→ THE PROBLEM:
Without any of the pictures, print every record below exactly.

+ + + +

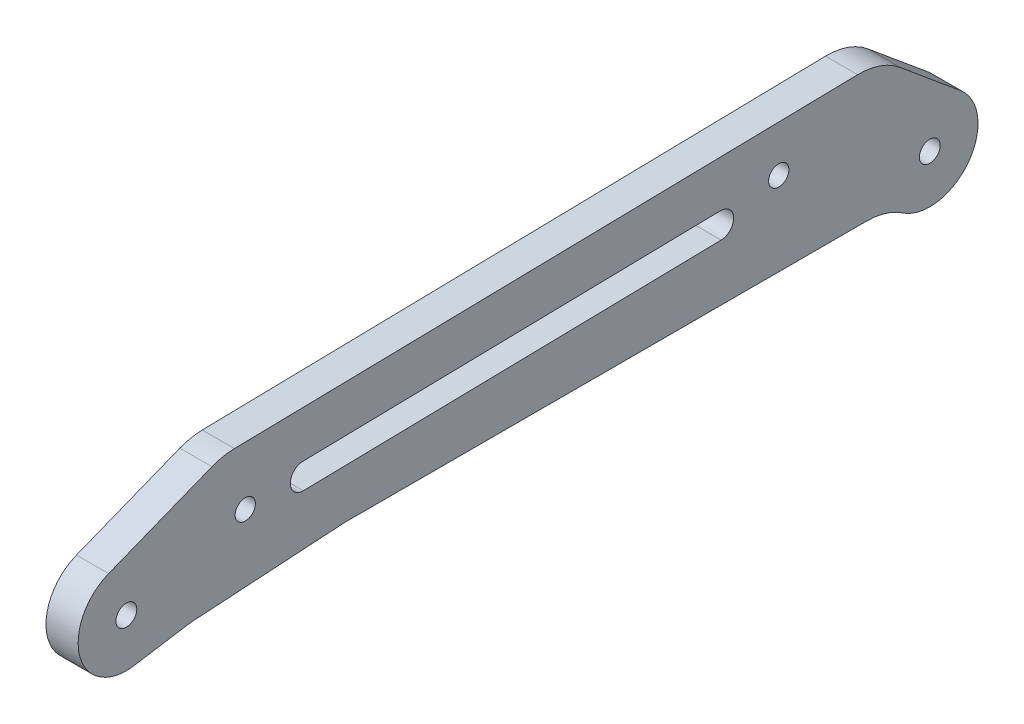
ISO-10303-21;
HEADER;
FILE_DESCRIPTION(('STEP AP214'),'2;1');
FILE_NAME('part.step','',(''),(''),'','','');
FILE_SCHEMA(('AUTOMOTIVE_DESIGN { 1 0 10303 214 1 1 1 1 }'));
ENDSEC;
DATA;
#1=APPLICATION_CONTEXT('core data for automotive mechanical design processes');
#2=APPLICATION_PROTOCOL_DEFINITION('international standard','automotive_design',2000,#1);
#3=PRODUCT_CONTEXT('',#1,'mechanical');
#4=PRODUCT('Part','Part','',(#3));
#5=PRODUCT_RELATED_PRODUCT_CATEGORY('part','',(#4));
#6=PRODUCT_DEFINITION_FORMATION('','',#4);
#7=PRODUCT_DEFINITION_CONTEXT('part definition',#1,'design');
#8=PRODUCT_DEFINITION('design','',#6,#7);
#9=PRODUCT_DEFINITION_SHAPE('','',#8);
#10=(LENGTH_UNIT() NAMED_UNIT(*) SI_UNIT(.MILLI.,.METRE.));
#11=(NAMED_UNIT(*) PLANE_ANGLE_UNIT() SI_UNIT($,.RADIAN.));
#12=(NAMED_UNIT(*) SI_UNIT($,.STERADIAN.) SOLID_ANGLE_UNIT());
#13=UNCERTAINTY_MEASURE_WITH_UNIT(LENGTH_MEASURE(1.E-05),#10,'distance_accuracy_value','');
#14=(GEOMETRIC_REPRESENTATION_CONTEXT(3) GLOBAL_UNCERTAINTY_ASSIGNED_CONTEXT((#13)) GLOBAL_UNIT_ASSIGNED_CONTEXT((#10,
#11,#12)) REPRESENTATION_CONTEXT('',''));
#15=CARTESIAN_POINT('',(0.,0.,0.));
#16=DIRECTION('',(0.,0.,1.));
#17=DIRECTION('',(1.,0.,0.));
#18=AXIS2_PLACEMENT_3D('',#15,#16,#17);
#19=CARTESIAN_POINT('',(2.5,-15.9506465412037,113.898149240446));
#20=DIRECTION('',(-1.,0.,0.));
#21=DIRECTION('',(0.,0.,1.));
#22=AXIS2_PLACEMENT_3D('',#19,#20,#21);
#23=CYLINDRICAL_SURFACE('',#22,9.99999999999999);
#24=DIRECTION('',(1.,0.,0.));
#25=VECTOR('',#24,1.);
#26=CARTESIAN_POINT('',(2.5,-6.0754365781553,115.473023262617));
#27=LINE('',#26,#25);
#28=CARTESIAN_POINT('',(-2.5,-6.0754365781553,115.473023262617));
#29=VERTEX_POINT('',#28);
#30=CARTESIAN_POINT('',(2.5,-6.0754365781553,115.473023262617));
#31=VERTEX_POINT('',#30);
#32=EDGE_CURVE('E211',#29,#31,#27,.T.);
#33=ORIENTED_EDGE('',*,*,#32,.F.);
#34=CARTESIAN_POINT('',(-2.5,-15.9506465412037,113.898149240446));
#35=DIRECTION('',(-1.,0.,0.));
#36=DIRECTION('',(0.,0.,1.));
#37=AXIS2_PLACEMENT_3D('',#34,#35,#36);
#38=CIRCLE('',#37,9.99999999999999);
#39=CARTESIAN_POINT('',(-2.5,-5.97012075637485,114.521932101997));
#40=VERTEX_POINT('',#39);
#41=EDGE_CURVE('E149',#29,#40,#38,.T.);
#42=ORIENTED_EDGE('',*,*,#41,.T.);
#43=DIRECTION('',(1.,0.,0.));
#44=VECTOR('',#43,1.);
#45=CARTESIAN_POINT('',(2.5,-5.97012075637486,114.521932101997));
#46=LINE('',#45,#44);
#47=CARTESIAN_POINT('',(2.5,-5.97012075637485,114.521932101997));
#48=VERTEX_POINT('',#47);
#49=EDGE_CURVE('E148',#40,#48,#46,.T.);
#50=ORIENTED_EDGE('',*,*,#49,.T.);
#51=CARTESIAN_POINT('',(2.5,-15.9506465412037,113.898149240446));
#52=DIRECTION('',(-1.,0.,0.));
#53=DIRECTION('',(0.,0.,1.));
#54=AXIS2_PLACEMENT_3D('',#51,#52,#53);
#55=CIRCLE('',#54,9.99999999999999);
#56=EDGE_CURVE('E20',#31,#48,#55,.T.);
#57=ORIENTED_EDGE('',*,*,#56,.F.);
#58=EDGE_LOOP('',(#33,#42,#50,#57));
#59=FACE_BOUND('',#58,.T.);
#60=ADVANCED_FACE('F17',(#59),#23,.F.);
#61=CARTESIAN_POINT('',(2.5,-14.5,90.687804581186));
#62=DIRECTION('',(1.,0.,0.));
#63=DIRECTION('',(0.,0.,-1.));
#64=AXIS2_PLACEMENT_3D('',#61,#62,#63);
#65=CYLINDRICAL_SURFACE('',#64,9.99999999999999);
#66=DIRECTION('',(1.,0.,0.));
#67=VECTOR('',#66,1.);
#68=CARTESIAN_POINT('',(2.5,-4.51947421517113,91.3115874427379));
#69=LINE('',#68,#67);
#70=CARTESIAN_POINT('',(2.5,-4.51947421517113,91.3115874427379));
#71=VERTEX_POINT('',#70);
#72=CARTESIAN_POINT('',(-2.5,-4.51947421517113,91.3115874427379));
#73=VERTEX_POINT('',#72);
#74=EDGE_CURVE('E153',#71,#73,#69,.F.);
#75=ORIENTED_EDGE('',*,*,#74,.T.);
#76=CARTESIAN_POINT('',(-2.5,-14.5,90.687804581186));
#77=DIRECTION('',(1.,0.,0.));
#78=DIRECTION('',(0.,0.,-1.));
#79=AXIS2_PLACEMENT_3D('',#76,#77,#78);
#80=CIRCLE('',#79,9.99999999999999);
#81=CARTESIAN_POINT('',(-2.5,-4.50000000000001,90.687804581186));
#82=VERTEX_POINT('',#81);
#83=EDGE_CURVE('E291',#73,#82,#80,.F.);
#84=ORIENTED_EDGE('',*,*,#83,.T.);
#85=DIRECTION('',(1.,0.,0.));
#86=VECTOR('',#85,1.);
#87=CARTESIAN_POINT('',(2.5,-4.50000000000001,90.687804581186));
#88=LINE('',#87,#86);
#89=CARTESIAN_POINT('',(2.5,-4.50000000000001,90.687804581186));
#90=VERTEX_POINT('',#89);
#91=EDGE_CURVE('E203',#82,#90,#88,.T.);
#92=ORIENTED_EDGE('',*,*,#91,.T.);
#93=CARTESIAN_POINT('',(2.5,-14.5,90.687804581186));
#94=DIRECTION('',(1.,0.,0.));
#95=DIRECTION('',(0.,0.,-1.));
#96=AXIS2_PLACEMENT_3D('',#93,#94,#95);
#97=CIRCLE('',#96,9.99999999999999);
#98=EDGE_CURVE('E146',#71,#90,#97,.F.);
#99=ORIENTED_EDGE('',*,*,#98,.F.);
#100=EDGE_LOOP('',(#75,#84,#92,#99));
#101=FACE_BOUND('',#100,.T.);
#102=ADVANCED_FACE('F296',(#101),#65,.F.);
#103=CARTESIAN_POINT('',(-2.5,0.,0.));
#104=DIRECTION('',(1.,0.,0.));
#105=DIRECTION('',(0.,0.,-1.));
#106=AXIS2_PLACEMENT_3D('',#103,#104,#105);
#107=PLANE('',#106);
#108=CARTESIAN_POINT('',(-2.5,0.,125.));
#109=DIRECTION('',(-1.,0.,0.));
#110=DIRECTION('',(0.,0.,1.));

+ + + +

→ RESPONSE TO THE TASK:
ISO-10303-21;
HEADER;
FILE_DESCRIPTION(('STEP AP214'),'2;1');
FILE_NAME('part.step','',(''),(''),'','','');
FILE_SCHEMA(('AUTOMOTIVE_DESIGN { 1 0 10303 214 1 1 1 1 }'));
ENDSEC;
DATA;
#1=APPLICATION_CONTEXT('core data for automotive mechanical design processes');
#2=APPLICATION_PROTOCOL_DEFINITION('international standard','automotive_design',2000,#1);
#3=PRODUCT_CONTEXT('',#1,'mechanical');
#4=PRODUCT('Part','Part','',(#3));
#5=PRODUCT_RELATED_PRODUCT_CATEGORY('part','',(#4));
#6=PRODUCT_DEFINITION_FORMATION('','',#4);
#7=PRODUCT_DEFINITION_CONTEXT('part definition',#1,'design');
#8=PRODUCT_DEFINITION('design','',#6,#7);
#9=PRODUCT_DEFINITION_SHAPE('','',#8);
#10=(LENGTH_UNIT() NAMED_UNIT(*) SI_UNIT(.MILLI.,.METRE.));
#11=(NAMED_UNIT(*) PLANE_ANGLE_UNIT() SI_UNIT($,.RADIAN.));
#12=(NAMED_UNIT(*) SI_UNIT($,.STERADIAN.) SOLID_ANGLE_UNIT());
#13=UNCERTAINTY_MEASURE_WITH_UNIT(LENGTH_MEASURE(1.E-05),#10,'distance_accuracy_value','');
#14=(GEOMETRIC_REPRESENTATION_CONTEXT(3) GLOBAL_UNCERTAINTY_ASSIGNED_CONTEXT((#13)) GLOBAL_UNIT_ASSIGNED_CONTEXT((#10,
#11,#12)) REPRESENTATION_CONTEXT('',''));
#15=CARTESIAN_POINT('',(0.,0.,0.));
#16=DIRECTION('',(0.,0.,1.));
#17=DIRECTION('',(1.,0.,0.));
#18=AXIS2_PLACEMENT_3D('',#15,#16,#17);
#19=CARTESIAN_POINT('',(2.5,-15.9506465412037,113.898149240446));
#20=DIRECTION('',(-1.,0.,0.));
#21=DIRECTION('',(0.,0.,1.));
#22=AXIS2_PLACEMENT_3D('',#19,#20,#21);
#23=CYLINDRICAL_SURFACE('',#22,9.99999999999999);
#24=DIRECTION('',(1.,0.,0.));
#25=VECTOR('',#24,1.);
#26=CARTESIAN_POINT('',(2.5,-6.0754365781553,115.473023262617));
#27=LINE('',#26,#25);
#28=CARTESIAN_POINT('',(-2.5,-6.0754365781553,115.473023262617));
#29=VERTEX_POINT('',#28);
#30=CARTESIAN_POINT('',(2.5,-6.0754365781553,115.473023262617));
#31=VERTEX_POINT('',#30);
#32=EDGE_CURVE('E211',#29,#31,#27,.T.);
#33=ORIENTED_EDGE('',*,*,#32,.F.);
#34=CARTESIAN_POINT('',(-2.5,-15.9506465412037,113.898149240446));
#35=DIRECTION('',(-1.,0.,0.));
#36=DIRECTION('',(0.,0.,1.));
#37=AXIS2_PLACEMENT_3D('',#34,#35,#36);
#38=CIRCLE('',#37,9.99999999999999);
#39=CARTESIAN_POINT('',(-2.5,-5.97012075637485,114.521932101997));
#40=VERTEX_POINT('',#39);
#41=EDGE_CURVE('E149',#29,#40,#38,.T.);
#42=ORIENTED_EDGE('',*,*,#41,.T.);
#43=DIRECTION('',(1.,0.,0.));
#44=VECTOR('',#43,1.);
#45=CARTESIAN_POINT('',(2.5,-5.97012075637486,114.521932101997));
#46=LINE('',#45,#44);
#47=CARTESIAN_POINT('',(2.5,-5.97012075637485,114.521932101997));
#48=VERTEX_POINT('',#47);
#49=EDGE_CURVE('E148',#40,#48,#46,.T.);
#50=ORIENTED_EDGE('',*,*,#49,.T.);
#51=CARTESIAN_POINT('',(2.5,-15.9506465412037,113.898149240446));
#52=DIRECTION('',(-1.,0.,0.));
#53=DIRECTION('',(0.,0.,1.));
#54=AXIS2_PLACEMENT_3D('',#51,#52,#53);
#55=CIRCLE('',#54,9.99999999999999);
#56=EDGE_CURVE('E20',#31,#48,#55,.T.);
#57=ORIENTED_EDGE('',*,*,#56,.F.);
#58=EDGE_LOOP('',(#33,#42,#50,#57));
#59=FACE_BOUND('',#58,.T.);
#60=ADVANCED_FACE('F17',(#59),#23,.F.);
#61=CARTESIAN_POINT('',(2.5,-14.5,90.687804581186));
#62=DIRECTION('',(1.,0.,0.));
#63=DIRECTION('',(0.,0.,-1.));
#64=AXIS2_PLACEMENT_3D('',#61,#62,#63);
#65=CYLINDRICAL_SURFACE('',#64,9.99999999999999);
#66=DIRECTION('',(1.,0.,0.));
#67=VECTOR('',#66,1.);
#68=CARTESIAN_POINT('',(2.5,-4.51947421517113,91.3115874427379));
#69=LINE('',#68,#67);
#70=CARTESIAN_POINT('',(2.5,-4.51947421517113,91.3115874427379));
#71=VERTEX_POINT('',#70);
#72=CARTESIAN_POINT('',(-2.5,-4.51947421517113,91.3115874427379));
#73=VERTEX_POINT('',#72);
#74=EDGE_CURVE('E153',#71,#73,#69,.F.);
#75=ORIENTED_EDGE('',*,*,#74,.T.);
#76=CARTESIAN_POINT('',(-2.5,-14.5,90.687804581186));
#77=DIRECTION('',(1.,0.,0.));
#78=DIRECTION('',(0.,0.,-1.));
#79=AXIS2_PLACEMENT_3D('',#76,#77,#78);
#80=CIRCLE('',#79,9.99999999999999);
#81=CARTESIAN_POINT('',(-2.5,-4.50000000000001,90.687804581186));
#82=VERTEX_POINT('',#81);
#83=EDGE_CURVE('E291',#73,#82,#80,.F.);
#84=ORIENTED_EDGE('',*,*,#83,.T.);
#85=DIRECTION('',(1.,0.,0.));
#86=VECTOR('',#85,1.);
#87=CARTESIAN_POINT('',(2.5,-4.50000000000001,90.687804581186));
#88=LINE('',#87,#86);
#89=CARTESIAN_POINT('',(2.5,-4.50000000000001,90.687804581186));
#90=VERTEX_POINT('',#89);
#91=EDGE_CURVE('E203',#82,#90,#88,.T.);
#92=ORIENTED_EDGE('',*,*,#91,.T.);
#93=CARTESIAN_POINT('',(2.5,-14.5,90.687804581186));
#94=DIRECTION('',(1.,0.,0.));
#95=DIRECTION('',(0.,0.,-1.));
#96=AXIS2_PLACEMENT_3D('',#93,#94,#95);
#97=CIRCLE('',#96,9.99999999999999);
#98=EDGE_CURVE('E146',#71,#90,#97,.F.);
#99=ORIENTED_EDGE('',*,*,#98,.F.);
#100=EDGE_LOOP('',(#75,#84,#92,#99));
#101=FACE_BOUND('',#100,.T.);
#102=ADVANCED_FACE('F296',(#101),#65,.F.);
#103=CARTESIAN_POINT('',(-2.5,0.,0.));
#104=DIRECTION('',(1.,0.,0.));
#105=DIRECTION('',(0.,0.,-1.));
#106=AXIS2_PLACEMENT_3D('',#103,#104,#105);
#107=PLANE('',#106);
#108=CARTESIAN_POINT('',(-2.5,0.,125.));
#109=DIRECTION('',(-1.,0.,0.));
#110=DIRECTION('',(0.,0.,1.));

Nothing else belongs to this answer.